*** Opening of DATA EXTRACTS ***

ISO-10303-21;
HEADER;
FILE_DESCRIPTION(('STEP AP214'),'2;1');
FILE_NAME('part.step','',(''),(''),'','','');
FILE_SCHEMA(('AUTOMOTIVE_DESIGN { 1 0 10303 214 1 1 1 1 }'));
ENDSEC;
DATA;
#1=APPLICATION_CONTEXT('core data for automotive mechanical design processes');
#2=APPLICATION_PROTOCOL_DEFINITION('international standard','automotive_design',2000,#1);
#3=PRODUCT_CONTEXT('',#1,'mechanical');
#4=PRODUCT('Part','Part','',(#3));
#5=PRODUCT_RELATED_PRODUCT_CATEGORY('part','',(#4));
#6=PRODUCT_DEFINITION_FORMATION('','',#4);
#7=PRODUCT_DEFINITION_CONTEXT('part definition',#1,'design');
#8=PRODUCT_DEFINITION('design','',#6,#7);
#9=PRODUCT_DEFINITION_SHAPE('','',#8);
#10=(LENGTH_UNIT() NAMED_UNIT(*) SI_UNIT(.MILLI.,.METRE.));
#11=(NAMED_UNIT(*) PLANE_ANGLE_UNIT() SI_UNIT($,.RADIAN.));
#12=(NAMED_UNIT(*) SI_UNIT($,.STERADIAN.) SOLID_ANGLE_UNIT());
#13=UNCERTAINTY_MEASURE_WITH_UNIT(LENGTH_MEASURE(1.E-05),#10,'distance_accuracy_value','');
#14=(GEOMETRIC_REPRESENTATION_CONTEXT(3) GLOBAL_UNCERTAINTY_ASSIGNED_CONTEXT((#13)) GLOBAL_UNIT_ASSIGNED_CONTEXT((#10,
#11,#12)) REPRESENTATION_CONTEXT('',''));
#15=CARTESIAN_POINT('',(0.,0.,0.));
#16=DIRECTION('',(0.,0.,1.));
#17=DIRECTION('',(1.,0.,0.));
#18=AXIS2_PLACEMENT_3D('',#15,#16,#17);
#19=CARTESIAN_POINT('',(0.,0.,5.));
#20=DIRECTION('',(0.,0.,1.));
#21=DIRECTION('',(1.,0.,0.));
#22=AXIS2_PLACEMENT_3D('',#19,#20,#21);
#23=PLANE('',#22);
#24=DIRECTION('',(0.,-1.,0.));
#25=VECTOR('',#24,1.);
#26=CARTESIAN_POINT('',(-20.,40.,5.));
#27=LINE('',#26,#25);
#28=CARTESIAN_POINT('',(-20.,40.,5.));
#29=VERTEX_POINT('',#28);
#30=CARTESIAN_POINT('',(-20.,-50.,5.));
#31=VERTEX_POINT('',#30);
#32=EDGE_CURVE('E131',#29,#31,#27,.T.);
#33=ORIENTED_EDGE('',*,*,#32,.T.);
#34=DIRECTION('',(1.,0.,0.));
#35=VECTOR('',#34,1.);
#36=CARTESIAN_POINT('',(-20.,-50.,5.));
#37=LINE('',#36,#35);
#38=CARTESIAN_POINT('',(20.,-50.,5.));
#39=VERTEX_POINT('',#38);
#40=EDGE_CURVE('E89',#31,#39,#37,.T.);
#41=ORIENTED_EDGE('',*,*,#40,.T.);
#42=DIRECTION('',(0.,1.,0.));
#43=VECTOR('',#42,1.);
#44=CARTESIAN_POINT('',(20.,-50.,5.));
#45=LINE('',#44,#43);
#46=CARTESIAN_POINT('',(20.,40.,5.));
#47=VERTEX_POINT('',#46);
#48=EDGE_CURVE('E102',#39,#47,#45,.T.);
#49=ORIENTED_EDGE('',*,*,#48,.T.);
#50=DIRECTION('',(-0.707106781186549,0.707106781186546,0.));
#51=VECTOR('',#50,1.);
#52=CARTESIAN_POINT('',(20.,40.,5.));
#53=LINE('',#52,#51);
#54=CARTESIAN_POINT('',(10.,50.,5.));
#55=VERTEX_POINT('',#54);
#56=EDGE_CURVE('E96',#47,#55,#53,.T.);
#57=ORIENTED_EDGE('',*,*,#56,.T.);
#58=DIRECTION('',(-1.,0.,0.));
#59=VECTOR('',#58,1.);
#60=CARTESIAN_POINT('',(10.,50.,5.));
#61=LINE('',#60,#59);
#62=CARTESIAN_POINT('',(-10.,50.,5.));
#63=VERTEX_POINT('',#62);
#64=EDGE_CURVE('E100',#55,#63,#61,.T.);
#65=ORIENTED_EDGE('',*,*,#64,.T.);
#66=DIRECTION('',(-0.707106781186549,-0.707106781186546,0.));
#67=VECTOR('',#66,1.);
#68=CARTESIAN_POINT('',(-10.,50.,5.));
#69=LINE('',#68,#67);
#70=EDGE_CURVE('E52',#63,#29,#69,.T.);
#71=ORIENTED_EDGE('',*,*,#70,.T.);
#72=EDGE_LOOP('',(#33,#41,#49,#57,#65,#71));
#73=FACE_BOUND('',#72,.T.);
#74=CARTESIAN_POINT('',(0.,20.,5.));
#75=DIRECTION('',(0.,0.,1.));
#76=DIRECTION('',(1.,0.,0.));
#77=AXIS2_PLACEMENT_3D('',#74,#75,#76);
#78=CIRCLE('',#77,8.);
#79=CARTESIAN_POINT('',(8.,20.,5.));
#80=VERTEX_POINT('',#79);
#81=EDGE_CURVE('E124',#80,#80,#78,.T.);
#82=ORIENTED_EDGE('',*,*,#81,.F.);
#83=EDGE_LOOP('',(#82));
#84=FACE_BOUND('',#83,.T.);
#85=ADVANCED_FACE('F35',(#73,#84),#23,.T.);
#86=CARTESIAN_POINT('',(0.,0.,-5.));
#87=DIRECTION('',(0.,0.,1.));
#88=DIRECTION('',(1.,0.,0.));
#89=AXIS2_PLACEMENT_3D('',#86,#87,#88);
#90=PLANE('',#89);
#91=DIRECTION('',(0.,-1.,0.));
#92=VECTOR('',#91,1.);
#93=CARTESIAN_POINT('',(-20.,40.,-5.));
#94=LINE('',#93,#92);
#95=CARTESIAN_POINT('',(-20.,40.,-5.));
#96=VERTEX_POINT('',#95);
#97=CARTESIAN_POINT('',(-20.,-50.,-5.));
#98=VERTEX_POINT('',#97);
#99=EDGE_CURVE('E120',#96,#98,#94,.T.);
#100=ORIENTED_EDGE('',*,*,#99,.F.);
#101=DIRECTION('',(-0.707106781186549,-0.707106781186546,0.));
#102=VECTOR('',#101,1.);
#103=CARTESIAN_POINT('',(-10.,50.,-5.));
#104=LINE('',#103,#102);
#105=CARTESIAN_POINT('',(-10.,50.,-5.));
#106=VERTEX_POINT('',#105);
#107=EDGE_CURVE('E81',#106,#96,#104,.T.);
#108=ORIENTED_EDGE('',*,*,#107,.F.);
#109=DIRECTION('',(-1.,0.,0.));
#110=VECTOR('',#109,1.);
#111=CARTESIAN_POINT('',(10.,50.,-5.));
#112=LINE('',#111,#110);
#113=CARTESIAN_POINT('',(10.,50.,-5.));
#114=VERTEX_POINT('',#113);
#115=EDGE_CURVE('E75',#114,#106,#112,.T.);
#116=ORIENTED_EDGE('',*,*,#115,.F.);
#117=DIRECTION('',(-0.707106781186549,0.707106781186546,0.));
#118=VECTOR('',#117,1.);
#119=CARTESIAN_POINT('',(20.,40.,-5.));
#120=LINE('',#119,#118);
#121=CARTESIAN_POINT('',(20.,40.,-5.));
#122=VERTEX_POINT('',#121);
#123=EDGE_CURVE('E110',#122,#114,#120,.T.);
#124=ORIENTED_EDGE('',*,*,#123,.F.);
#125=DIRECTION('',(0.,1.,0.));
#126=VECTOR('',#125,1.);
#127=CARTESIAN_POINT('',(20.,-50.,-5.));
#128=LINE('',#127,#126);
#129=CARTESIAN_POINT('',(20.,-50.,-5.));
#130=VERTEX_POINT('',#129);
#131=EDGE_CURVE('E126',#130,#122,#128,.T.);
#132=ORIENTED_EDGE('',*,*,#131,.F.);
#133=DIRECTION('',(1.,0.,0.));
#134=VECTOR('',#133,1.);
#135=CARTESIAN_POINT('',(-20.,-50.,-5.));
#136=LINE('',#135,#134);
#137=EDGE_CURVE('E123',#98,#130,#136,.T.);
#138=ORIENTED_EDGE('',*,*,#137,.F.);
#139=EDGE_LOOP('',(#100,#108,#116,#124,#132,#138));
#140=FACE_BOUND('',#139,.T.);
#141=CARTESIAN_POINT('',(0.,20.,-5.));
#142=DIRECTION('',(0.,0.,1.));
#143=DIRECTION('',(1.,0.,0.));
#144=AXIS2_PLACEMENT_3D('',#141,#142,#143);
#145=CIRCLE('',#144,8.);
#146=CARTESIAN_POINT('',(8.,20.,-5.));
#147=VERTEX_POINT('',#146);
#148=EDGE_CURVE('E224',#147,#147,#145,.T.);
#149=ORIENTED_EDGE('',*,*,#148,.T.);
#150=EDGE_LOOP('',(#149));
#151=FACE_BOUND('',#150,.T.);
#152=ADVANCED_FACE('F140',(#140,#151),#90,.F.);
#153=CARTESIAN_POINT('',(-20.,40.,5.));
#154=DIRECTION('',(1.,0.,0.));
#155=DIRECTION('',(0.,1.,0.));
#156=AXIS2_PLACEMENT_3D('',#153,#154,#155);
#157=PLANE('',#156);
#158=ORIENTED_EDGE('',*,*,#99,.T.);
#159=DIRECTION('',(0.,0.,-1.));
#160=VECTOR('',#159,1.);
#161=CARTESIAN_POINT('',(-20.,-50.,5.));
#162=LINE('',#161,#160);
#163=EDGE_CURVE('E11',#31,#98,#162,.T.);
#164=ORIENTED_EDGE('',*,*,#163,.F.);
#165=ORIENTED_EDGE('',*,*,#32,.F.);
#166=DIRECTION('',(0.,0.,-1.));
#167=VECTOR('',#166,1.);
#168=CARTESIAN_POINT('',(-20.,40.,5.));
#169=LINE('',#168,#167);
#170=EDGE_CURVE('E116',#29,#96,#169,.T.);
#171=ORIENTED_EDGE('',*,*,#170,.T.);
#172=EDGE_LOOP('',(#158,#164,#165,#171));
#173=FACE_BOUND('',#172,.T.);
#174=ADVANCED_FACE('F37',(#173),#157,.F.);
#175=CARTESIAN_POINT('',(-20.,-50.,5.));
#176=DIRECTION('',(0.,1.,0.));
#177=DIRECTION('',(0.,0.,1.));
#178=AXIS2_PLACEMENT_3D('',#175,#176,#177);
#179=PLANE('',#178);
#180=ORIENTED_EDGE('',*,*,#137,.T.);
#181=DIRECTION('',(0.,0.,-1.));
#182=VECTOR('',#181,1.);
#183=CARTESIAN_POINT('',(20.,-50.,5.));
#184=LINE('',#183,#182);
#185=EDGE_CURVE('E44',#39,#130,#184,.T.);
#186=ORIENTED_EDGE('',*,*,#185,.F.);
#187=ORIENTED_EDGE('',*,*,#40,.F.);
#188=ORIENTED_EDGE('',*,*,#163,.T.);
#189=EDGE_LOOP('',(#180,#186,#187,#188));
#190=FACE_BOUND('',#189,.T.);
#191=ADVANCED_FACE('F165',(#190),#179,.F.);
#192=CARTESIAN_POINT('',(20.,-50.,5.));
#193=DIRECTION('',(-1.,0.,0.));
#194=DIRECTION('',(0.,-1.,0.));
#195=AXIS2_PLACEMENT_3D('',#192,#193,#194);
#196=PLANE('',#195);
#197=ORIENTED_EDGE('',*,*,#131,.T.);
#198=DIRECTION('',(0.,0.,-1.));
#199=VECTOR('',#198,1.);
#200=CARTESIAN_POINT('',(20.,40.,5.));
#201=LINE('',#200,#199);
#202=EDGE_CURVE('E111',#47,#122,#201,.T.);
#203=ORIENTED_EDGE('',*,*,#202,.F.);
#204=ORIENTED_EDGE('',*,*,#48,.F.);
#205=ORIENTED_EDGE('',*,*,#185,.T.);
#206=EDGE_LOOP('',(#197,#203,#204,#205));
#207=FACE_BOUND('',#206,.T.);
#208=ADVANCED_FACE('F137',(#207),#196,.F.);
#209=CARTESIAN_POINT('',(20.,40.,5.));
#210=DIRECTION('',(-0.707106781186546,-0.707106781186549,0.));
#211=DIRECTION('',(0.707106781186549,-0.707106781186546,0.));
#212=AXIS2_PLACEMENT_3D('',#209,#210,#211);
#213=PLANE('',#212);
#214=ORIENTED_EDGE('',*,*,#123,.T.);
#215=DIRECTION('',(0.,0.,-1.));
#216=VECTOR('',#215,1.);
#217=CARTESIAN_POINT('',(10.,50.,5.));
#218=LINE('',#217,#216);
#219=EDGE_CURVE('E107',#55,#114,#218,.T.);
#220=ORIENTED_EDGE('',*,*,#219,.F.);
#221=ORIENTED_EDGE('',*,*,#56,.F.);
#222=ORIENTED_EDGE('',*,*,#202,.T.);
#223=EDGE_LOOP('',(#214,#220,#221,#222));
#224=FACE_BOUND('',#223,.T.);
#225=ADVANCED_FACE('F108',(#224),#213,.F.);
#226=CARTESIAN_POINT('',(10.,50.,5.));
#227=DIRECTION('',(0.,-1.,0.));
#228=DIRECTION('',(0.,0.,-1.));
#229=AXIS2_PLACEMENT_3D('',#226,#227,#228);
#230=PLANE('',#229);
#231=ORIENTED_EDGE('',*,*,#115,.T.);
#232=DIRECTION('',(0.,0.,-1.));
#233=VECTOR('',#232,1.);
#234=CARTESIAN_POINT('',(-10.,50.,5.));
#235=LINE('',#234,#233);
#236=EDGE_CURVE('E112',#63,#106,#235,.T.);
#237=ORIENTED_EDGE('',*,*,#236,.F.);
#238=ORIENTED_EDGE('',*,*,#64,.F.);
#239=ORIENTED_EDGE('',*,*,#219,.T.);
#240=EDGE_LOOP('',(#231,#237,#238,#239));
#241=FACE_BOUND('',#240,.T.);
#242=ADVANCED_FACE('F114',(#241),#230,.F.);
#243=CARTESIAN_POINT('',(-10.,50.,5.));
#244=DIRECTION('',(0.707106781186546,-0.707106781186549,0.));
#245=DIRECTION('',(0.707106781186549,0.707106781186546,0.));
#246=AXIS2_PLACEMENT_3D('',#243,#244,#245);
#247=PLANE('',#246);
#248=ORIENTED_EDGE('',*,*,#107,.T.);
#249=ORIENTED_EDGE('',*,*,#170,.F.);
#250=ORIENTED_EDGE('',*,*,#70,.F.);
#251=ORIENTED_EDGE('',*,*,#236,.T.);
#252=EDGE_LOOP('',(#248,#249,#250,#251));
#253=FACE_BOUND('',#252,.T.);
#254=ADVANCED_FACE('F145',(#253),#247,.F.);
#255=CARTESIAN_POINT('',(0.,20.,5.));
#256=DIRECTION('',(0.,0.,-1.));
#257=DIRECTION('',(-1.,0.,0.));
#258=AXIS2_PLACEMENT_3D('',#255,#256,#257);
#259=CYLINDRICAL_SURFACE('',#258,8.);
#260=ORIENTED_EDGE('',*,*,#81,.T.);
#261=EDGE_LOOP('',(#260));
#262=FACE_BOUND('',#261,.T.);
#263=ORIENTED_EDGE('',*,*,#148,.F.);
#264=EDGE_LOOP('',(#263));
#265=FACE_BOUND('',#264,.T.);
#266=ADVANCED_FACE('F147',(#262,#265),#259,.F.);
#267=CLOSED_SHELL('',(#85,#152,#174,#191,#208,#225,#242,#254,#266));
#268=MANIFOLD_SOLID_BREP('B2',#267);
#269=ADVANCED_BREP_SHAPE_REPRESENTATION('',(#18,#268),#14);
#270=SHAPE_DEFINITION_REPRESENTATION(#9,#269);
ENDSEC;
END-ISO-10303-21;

*** Close of DATA EXTRACTS ***

**TASK PROMPT**. The answer is the run of lines above from the line containing "#178=AXIS2_PLACEMENT_3D('',#175,#176,#177);" through the line containing "#225=ADVANCED_FACE('F108',(#224),#213,.F.);", copied exactly and alone.

**SOLUTION BELOW**.
#178=AXIS2_PLACEMENT_3D('',#175,#176,#177);
#179=PLANE('',#178);
#180=ORIENTED_EDGE('',*,*,#137,.T.);
#181=DIRECTION('',(0.,0.,-1.));
#182=VECTOR('',#181,1.);
#183=CARTESIAN_POINT('',(20.,-50.,5.));
#184=LINE('',#183,#182);
#185=EDGE_CURVE('E44',#39,#130,#184,.T.);
#186=ORIENTED_EDGE('',*,*,#185,.F.);
#187=ORIENTED_EDGE('',*,*,#40,.F.);
#188=ORIENTED_EDGE('',*,*,#163,.T.);
#189=EDGE_LOOP('',(#180,#186,#187,#188));
#190=FACE_BOUND('',#189,.T.);
#191=ADVANCED_FACE('F165',(#190),#179,.F.);
#192=CARTESIAN_POINT('',(20.,-50.,5.));
#193=DIRECTION('',(-1.,0.,0.));
#194=DIRECTION('',(0.,-1.,0.));
#195=AXIS2_PLACEMENT_3D('',#192,#193,#194);
#196=PLANE('',#195);
#197=ORIENTED_EDGE('',*,*,#131,.T.);
#198=DIRECTION('',(0.,0.,-1.));
#199=VECTOR('',#198,1.);
#200=CARTESIAN_POINT('',(20.,40.,5.));
#201=LINE('',#200,#199);
#202=EDGE_CURVE('E111',#47,#122,#201,.T.);
#203=ORIENTED_EDGE('',*,*,#202,.F.);
#204=ORIENTED_EDGE('',*,*,#48,.F.);
#205=ORIENTED_EDGE('',*,*,#185,.T.);
#206=EDGE_LOOP('',(#197,#203,#204,#205));
#207=FACE_BOUND('',#206,.T.);
#208=ADVANCED_FACE('F137',(#207),#196,.F.);
#209=CARTESIAN_POINT('',(20.,40.,5.));
#210=DIRECTION('',(-0.707106781186546,-0.707106781186549,0.));
#211=DIRECTION('',(0.707106781186549,-0.707106781186546,0.));
#212=AXIS2_PLACEMENT_3D('',#209,#210,#211);
#213=PLANE('',#212);
#214=ORIENTED_EDGE('',*,*,#123,.T.);
#215=DIRECTION('',(0.,0.,-1.));
#216=VECTOR('',#215,1.);
#217=CARTESIAN_POINT('',(10.,50.,5.));
#218=LINE('',#217,#216);
#219=EDGE_CURVE('E107',#55,#114,#218,.T.);
#220=ORIENTED_EDGE('',*,*,#219,.F.);
#221=ORIENTED_EDGE('',*,*,#56,.F.);
#222=ORIENTED_EDGE('',*,*,#202,.T.);
#223=EDGE_LOOP('',(#214,#220,#221,#222));
#224=FACE_BOUND('',#223,.T.);
#225=ADVANCED_FACE('F108',(#224),#213,.F.);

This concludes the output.